The intercenter planning team presented its integrated research program plan to NASA Headquarters, seeking approval to pursue the acquisition of an F/A-18 from the Navy and for program go-ahead. After Agency approval, the Navy transferred the preproduction F/A-18A Ship 6, which had been used for spin testing at Patuxent River, MD, to NASA Dryden, where it arrived in October 1984. This particular F/A-18A had been stripped of several major airframe and instrument components following the completion of its spin program at Patuxent River, but it was still equipped with a multi-million-dollar emergency spin recov­ery parachute system and a programmable digital flight control com­puter ideally suited to NASA’s research interests. The derelict aircraft was shipped overland to Dryden and reassembled by a team of NASA and Navy technicians into a unique high-angle-of-attack research air­plane known as the F/A-18A High-Alpha Research Vehicle (HARV).[1311] The HARV was equipped with several unique research systems, includ­ing flow visualization equipment, a thrust-vectoring system using exter­nal postexit vanes around axisymmetric nozzles, and deployable nose strakes on a modified fuselage of forebody. Additional aircraft systems included extensive instrumentation, integrated flight research con­trols with special flight control hardware and software for the thrust-

vectoring system, interface controls for the forebody strakes, and safety backup systems including a spin recovery parachute.

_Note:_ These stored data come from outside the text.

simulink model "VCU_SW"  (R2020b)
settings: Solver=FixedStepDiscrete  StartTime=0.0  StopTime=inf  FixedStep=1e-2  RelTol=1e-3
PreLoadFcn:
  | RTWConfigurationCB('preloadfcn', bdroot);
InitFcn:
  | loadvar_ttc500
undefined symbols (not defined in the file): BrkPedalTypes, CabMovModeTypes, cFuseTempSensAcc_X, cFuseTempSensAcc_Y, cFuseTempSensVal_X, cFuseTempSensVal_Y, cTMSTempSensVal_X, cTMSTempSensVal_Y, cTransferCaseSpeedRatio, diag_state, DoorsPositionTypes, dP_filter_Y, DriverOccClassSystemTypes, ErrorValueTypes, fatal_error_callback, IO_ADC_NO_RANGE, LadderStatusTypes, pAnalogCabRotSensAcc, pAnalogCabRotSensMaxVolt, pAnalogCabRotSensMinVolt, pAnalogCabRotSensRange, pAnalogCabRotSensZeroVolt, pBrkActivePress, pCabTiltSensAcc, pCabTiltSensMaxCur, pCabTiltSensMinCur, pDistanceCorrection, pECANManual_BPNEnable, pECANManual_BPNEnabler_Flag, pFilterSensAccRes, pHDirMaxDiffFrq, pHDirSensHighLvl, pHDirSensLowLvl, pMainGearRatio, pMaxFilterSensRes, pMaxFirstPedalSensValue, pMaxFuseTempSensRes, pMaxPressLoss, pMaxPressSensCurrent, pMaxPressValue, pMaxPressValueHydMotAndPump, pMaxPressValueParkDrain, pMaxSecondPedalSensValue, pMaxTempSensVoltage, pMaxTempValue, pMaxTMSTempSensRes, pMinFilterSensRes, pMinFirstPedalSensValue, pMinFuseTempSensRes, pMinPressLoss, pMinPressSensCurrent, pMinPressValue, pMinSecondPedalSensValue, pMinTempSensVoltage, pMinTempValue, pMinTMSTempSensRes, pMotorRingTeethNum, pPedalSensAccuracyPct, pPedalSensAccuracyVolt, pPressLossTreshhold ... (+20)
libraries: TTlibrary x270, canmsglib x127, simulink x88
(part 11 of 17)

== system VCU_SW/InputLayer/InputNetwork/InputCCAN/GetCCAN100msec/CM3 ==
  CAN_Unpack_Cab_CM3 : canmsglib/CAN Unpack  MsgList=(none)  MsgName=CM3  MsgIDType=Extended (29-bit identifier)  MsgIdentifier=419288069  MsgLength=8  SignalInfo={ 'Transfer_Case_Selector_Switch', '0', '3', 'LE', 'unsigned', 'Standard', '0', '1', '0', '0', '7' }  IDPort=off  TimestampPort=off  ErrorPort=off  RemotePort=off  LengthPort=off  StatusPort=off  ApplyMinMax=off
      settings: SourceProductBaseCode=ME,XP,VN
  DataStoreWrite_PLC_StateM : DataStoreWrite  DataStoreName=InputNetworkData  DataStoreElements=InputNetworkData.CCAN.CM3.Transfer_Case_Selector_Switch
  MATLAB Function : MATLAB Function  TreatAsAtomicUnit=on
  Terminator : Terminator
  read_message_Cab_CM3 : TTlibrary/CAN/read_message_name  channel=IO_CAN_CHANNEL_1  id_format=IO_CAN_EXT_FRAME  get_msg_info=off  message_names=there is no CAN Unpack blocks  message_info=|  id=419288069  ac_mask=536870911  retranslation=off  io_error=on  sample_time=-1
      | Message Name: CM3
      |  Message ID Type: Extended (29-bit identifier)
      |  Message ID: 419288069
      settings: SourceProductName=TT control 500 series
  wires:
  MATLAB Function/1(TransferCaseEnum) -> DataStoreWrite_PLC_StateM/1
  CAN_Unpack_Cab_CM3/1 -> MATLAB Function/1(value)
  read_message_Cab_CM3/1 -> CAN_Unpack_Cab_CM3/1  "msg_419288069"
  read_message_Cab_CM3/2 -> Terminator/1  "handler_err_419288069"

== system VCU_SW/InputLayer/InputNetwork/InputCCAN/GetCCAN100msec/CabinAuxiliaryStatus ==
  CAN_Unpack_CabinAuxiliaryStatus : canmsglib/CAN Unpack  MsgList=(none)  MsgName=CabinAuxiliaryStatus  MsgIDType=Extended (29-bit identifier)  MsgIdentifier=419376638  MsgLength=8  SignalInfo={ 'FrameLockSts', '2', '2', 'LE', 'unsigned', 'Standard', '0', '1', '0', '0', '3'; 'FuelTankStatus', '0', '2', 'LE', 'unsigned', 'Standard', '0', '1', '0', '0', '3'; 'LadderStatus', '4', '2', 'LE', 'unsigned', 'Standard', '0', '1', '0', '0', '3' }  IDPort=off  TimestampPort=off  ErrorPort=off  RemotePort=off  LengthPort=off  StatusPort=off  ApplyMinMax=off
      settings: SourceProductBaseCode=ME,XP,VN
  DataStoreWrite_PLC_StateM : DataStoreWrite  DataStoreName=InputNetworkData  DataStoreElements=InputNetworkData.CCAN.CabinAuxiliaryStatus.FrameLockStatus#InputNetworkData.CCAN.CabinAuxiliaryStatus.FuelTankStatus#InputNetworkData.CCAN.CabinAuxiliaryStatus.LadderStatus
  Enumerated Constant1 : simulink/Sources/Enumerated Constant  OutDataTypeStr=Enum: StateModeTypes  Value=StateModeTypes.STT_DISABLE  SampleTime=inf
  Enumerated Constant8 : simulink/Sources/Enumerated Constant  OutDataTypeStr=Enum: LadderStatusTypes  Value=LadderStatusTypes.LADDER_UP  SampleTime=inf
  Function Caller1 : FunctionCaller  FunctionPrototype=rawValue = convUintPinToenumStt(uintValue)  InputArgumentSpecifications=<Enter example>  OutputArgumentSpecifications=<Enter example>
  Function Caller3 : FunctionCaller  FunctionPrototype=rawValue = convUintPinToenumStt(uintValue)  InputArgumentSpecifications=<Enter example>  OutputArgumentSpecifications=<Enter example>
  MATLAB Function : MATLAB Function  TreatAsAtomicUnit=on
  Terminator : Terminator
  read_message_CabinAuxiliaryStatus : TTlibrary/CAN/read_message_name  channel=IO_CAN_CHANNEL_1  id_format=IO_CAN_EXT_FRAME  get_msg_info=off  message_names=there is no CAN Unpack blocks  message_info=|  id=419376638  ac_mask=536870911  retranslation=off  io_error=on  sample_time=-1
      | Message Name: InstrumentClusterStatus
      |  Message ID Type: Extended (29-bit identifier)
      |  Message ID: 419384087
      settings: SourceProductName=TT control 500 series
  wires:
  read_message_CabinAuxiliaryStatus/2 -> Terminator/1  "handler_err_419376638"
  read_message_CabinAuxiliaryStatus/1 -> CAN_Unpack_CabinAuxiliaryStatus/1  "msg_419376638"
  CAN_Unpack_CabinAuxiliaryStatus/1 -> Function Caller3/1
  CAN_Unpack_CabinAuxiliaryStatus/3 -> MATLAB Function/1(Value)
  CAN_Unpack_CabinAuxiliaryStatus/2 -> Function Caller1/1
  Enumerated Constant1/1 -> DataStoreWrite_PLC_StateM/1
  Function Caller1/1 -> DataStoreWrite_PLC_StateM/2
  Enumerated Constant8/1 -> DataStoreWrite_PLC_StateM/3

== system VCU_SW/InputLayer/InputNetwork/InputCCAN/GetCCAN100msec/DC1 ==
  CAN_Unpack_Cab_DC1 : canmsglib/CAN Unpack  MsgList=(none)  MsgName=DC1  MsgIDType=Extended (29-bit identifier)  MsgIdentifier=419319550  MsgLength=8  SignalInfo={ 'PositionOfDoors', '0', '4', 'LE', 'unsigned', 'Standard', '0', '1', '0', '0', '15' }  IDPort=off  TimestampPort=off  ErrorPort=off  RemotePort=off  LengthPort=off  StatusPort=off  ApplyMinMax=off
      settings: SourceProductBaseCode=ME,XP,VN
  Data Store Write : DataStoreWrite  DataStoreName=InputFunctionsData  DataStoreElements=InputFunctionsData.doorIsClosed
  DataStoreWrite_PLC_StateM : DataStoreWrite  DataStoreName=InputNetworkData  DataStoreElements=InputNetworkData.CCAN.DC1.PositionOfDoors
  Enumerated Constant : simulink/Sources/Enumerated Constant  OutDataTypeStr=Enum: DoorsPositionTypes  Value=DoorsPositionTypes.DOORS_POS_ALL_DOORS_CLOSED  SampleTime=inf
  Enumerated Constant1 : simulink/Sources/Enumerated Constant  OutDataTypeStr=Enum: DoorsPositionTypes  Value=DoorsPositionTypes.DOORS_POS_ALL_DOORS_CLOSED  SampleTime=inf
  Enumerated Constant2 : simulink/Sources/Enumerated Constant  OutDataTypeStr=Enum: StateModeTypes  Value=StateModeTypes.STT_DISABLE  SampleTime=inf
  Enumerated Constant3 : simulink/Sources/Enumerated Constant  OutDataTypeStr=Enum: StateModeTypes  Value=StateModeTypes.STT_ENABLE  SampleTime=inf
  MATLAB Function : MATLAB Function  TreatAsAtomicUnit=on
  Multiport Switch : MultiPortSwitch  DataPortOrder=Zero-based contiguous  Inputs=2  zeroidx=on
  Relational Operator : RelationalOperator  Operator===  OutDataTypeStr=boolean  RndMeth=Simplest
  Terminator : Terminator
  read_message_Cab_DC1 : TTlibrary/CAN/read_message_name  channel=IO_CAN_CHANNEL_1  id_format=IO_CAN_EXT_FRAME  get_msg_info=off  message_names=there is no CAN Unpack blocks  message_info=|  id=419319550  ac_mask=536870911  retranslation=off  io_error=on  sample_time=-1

The High-Angle-of-Attack Technology program (HATP) was funded and managed under an arrangement that was different from other NASA programs but was extremely efficient and productive. Headquarters pro­vided program management oversight, but recommendations for day – to-day technical planning, distribution of funds, and technical thrusts were provided by an intercenter steering committee consisting of mem­bers from each of the participating Centers. In recognition of its techni­cal expertise and accomplishments in high-angle-of-attack technology, Langley was designated the technology lead Center. Dryden was desig­nated the lead Center for flight research and operations of the HARV, and Ames and Langley shared the technical leadership for CFD and experi­mental aerodynamics. In subsequent years, the NASA Lewis Research Center (now the NASA Glenn Research Center) joined the HATP for experiments on engine inlet aerodynamics for high-angle-of-attack con­ditions. The HATP included aerodynamics, flight controls, handling qual­ities, stability and control, propulsion, structures, and thrust vectoring.[1312]

The HATP program was conducted in three sequential phases, centering on high-angle-of-attack aerodynamic studies (1987-1989), evaluation of thrust vectoring effects on maneuverability (1990-1994), and forebody flow control (1995-1996), with 383 research flights. In the first activities, aerodynamic characteristics obtained from flight-test results for the baseline HARV (no vectoring) were correlated with wind tunnel and CFD predictions, with emphasis on flow separation predic­tions and vortical flow behavior on the fuselage forebody and wing-body leading-edge extension (LEX).[1313]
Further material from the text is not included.